[Stored entries]
= Beginning of Section =

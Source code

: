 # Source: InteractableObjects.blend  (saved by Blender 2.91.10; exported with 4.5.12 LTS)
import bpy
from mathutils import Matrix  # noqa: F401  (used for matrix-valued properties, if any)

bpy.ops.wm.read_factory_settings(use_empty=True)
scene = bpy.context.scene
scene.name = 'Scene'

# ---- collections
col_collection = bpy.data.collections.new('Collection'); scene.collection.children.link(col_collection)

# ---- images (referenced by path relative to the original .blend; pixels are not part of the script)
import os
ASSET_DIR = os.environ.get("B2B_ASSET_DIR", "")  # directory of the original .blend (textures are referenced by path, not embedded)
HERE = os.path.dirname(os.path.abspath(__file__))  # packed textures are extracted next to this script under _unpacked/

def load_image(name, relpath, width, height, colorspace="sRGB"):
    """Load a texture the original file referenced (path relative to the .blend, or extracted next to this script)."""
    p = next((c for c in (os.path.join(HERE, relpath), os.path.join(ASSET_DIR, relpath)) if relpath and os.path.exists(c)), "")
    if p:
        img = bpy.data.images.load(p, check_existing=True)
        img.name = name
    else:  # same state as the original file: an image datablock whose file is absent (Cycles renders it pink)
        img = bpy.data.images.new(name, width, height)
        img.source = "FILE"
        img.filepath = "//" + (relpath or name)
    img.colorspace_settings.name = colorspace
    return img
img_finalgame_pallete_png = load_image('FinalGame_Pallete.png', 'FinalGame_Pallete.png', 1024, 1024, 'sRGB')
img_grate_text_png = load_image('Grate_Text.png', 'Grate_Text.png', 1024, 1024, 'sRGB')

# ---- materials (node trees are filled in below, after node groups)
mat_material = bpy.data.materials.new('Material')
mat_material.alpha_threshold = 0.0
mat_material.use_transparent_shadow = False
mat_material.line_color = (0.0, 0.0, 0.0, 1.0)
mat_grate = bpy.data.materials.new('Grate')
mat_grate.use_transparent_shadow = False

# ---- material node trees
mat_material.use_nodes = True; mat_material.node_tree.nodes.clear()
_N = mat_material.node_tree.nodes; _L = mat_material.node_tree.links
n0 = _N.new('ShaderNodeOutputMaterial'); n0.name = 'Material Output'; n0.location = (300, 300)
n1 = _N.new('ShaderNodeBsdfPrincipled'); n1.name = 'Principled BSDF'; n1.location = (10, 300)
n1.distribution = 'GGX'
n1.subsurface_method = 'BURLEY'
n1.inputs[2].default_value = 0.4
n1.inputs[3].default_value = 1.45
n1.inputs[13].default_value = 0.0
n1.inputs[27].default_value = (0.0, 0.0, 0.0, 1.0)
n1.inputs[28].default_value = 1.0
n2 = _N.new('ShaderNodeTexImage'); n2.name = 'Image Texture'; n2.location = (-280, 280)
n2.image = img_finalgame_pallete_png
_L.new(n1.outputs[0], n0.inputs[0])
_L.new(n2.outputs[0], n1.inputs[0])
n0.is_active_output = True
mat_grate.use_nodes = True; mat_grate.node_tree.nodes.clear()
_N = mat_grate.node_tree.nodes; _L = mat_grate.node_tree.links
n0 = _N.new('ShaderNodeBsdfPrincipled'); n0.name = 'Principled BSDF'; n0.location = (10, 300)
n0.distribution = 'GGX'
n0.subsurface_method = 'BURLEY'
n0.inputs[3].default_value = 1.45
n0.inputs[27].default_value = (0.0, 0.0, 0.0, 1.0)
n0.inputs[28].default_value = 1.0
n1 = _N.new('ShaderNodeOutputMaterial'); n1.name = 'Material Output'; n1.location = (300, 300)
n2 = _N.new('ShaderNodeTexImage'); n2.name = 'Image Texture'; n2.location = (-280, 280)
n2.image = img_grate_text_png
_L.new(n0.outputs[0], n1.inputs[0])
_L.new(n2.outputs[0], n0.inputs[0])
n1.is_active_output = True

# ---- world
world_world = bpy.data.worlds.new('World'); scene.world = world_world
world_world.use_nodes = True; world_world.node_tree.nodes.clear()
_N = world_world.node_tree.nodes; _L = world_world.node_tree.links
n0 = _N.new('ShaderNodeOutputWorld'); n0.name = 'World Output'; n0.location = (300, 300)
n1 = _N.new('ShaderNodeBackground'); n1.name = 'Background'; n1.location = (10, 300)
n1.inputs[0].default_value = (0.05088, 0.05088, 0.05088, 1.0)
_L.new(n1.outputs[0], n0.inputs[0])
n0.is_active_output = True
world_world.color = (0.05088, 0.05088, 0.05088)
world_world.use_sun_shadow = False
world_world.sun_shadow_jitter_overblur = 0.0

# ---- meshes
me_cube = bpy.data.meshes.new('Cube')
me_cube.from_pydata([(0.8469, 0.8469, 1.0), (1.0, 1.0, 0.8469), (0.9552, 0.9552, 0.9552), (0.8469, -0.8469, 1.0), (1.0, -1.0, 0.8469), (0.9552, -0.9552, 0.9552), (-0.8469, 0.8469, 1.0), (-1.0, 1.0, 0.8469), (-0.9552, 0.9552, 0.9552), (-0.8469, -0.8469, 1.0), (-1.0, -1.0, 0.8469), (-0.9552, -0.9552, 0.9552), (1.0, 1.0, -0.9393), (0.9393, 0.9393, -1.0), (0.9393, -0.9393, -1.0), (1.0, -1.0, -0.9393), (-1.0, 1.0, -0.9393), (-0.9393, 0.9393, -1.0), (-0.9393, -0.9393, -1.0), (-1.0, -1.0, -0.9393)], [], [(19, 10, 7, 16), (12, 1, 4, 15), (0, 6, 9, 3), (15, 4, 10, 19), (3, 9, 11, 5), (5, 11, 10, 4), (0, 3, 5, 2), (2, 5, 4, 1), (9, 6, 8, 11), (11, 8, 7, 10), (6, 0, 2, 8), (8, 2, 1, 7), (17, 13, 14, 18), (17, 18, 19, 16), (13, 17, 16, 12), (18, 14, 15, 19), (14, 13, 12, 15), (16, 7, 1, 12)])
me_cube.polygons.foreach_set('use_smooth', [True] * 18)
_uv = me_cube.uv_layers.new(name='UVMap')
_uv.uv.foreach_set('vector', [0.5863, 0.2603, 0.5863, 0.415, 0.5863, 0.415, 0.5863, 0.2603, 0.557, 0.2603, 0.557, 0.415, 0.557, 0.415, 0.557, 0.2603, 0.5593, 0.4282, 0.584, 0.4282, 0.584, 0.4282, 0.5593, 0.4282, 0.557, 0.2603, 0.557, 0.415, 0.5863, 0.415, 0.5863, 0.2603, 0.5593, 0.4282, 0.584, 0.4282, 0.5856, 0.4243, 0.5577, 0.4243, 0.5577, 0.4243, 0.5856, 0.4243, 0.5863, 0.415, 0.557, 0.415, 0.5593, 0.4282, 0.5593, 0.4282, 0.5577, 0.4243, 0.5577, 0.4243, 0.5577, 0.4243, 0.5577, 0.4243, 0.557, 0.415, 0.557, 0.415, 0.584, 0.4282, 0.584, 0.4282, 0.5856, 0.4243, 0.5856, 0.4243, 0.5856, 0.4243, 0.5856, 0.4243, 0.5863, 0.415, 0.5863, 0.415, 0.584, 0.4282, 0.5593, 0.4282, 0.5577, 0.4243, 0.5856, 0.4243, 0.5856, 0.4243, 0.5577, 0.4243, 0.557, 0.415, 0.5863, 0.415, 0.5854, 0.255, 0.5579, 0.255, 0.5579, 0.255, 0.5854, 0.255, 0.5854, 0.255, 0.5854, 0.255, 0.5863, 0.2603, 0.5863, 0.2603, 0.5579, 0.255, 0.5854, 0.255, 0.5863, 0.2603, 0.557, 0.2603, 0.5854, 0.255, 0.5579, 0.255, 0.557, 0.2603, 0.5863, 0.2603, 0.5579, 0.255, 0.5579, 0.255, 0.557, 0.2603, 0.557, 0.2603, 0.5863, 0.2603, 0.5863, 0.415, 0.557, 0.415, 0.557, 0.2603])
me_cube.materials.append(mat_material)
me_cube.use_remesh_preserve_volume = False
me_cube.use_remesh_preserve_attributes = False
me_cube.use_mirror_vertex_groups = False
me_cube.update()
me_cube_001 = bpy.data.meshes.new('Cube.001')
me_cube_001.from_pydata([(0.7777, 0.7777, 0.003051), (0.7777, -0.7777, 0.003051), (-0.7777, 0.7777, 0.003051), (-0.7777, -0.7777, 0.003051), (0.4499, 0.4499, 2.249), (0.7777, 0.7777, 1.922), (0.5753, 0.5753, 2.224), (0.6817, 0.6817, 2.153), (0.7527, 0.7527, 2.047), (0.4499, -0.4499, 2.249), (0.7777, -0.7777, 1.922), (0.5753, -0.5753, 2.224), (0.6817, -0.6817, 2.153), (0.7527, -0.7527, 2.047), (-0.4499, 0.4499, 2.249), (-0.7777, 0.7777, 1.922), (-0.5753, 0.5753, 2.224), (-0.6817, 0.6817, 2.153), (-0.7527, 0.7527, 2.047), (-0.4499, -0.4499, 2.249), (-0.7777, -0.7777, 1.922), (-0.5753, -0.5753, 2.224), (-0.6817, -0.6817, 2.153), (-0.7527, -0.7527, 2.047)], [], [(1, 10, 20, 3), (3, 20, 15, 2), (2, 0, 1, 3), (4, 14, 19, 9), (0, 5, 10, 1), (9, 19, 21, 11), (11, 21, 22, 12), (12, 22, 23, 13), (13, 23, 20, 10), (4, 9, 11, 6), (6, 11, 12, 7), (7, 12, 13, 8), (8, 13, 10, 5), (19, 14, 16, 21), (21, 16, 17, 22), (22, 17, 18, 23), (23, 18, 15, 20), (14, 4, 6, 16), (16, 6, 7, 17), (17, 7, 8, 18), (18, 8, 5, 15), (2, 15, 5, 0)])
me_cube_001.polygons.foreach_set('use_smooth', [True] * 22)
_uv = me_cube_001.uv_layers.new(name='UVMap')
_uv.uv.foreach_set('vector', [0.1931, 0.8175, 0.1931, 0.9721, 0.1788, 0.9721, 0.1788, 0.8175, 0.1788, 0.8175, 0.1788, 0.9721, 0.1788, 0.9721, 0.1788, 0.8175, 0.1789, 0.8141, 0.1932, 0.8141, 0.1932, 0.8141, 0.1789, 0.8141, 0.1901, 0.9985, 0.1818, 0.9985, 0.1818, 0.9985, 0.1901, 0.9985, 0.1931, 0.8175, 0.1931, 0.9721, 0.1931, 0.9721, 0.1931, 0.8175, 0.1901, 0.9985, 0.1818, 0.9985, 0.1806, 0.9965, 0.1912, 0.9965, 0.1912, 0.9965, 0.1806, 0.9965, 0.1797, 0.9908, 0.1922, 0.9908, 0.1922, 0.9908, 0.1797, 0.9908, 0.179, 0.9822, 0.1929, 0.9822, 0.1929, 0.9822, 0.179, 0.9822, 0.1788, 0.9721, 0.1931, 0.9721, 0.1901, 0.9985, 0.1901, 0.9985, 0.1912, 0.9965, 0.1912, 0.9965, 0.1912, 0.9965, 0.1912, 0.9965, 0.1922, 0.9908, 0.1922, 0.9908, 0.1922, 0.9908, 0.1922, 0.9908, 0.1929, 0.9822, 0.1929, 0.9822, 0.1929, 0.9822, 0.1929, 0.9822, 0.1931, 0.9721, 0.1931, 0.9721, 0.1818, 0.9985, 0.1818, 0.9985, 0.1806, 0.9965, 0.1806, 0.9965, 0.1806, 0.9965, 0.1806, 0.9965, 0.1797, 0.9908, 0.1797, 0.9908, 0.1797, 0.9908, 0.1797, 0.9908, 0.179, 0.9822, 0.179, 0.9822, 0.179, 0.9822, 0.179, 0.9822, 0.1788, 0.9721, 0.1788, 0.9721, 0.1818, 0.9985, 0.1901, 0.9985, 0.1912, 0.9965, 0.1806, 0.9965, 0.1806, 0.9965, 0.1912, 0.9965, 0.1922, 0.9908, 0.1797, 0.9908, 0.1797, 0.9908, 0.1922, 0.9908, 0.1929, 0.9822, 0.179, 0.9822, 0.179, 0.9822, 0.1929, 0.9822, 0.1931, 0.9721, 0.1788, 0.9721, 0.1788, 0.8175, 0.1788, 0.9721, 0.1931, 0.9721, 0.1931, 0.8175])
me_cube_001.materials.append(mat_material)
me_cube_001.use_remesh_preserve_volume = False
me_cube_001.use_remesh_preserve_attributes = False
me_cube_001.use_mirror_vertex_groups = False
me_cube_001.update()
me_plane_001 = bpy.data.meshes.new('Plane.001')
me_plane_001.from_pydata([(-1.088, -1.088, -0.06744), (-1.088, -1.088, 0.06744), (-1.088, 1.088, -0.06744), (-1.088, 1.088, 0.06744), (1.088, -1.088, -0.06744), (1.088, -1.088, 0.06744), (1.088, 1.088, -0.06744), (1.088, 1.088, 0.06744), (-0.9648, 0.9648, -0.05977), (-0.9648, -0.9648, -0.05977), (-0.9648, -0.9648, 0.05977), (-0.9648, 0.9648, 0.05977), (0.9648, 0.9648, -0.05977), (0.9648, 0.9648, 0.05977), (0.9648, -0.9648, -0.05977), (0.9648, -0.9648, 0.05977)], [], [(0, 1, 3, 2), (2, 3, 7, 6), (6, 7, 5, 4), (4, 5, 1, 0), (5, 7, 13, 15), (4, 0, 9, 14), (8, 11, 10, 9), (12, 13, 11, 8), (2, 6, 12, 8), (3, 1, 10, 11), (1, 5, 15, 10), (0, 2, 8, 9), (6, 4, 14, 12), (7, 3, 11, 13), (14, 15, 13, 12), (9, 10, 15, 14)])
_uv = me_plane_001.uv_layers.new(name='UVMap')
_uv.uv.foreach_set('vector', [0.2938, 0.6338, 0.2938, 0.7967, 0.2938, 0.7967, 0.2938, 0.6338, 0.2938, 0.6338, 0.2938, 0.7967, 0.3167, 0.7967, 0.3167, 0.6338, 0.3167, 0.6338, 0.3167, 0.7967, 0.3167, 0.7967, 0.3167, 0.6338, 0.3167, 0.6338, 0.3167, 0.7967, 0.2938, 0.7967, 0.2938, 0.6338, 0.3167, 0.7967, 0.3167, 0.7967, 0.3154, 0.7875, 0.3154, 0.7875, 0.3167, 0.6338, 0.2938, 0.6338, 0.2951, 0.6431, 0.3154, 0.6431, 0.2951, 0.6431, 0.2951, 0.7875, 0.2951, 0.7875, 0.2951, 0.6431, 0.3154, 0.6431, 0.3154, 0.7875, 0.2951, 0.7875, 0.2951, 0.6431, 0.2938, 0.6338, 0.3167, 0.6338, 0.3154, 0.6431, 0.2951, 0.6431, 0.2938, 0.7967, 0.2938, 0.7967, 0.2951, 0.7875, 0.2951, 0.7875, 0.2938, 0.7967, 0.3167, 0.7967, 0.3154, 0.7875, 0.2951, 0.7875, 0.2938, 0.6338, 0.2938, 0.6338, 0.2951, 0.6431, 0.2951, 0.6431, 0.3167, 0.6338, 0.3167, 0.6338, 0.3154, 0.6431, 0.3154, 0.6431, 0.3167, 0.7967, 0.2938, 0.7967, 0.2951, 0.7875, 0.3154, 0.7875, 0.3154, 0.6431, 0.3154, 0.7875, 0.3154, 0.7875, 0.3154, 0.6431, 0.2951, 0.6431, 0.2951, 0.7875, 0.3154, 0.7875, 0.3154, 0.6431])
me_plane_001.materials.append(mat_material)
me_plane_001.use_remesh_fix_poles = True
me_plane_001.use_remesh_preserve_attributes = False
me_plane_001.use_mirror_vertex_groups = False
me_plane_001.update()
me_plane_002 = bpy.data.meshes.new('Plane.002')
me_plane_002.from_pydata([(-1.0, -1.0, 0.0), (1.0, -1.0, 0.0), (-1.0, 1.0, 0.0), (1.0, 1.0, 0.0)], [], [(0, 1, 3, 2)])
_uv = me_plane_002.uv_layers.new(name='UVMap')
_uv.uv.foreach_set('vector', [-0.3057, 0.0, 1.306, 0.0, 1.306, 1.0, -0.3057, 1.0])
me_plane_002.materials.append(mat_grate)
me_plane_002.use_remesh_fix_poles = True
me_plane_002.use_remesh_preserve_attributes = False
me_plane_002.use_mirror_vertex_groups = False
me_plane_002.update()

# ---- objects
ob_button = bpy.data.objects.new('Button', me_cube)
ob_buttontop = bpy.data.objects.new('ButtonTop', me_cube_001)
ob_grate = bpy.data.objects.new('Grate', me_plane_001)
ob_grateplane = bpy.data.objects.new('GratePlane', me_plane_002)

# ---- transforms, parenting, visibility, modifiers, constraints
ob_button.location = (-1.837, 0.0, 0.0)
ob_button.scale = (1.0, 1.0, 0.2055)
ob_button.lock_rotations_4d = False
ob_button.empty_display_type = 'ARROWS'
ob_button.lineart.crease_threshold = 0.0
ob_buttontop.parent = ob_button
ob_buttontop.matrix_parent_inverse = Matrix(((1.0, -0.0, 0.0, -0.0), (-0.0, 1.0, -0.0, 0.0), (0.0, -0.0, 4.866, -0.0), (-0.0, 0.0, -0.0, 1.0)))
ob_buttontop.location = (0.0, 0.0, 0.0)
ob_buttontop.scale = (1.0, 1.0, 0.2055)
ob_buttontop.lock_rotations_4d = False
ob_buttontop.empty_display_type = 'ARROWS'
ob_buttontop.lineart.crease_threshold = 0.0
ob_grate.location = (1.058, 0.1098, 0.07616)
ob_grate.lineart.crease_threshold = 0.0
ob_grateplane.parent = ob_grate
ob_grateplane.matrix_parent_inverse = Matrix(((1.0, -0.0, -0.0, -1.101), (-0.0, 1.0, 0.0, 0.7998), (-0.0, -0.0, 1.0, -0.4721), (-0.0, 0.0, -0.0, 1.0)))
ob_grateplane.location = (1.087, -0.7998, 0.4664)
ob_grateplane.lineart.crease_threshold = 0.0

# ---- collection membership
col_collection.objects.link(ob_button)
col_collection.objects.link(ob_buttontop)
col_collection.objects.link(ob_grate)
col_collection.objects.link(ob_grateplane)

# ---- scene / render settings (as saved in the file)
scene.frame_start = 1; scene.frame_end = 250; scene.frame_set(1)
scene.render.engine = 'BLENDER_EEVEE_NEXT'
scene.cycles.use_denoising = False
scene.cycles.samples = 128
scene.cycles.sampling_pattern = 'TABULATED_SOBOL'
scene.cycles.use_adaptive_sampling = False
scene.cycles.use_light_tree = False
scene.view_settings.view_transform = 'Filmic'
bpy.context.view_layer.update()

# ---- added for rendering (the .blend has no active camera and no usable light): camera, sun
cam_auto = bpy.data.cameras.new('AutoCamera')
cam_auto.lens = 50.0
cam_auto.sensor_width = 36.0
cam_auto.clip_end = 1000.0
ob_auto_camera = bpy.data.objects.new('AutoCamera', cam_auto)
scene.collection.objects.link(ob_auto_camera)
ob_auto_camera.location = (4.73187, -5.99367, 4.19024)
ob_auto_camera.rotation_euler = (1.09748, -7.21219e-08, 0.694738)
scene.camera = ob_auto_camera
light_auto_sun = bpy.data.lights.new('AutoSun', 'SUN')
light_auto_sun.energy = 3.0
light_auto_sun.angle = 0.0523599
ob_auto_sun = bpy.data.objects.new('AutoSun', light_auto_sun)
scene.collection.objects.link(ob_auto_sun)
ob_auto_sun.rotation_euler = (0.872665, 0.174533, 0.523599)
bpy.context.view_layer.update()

= End of Section =

• [What to produce]
Exactly the lines from the start of the entries through the one bearing "# ---- collections" are to be output, with both ends included.

• [Solution to the exercise]
Source code

: # Source: InteractableObjects.blend  (saved by Blender 2.91.10; exported with 4.5.12 LTS)
import bpy
from mathutils import Matrix  # noqa: F401  (used for matrix-valued properties, if any)

bpy.ops.wm.read_factory_settings(use_empty=True)
scene = bpy.context.scene
scene.name = 'Scene'

# ---- collections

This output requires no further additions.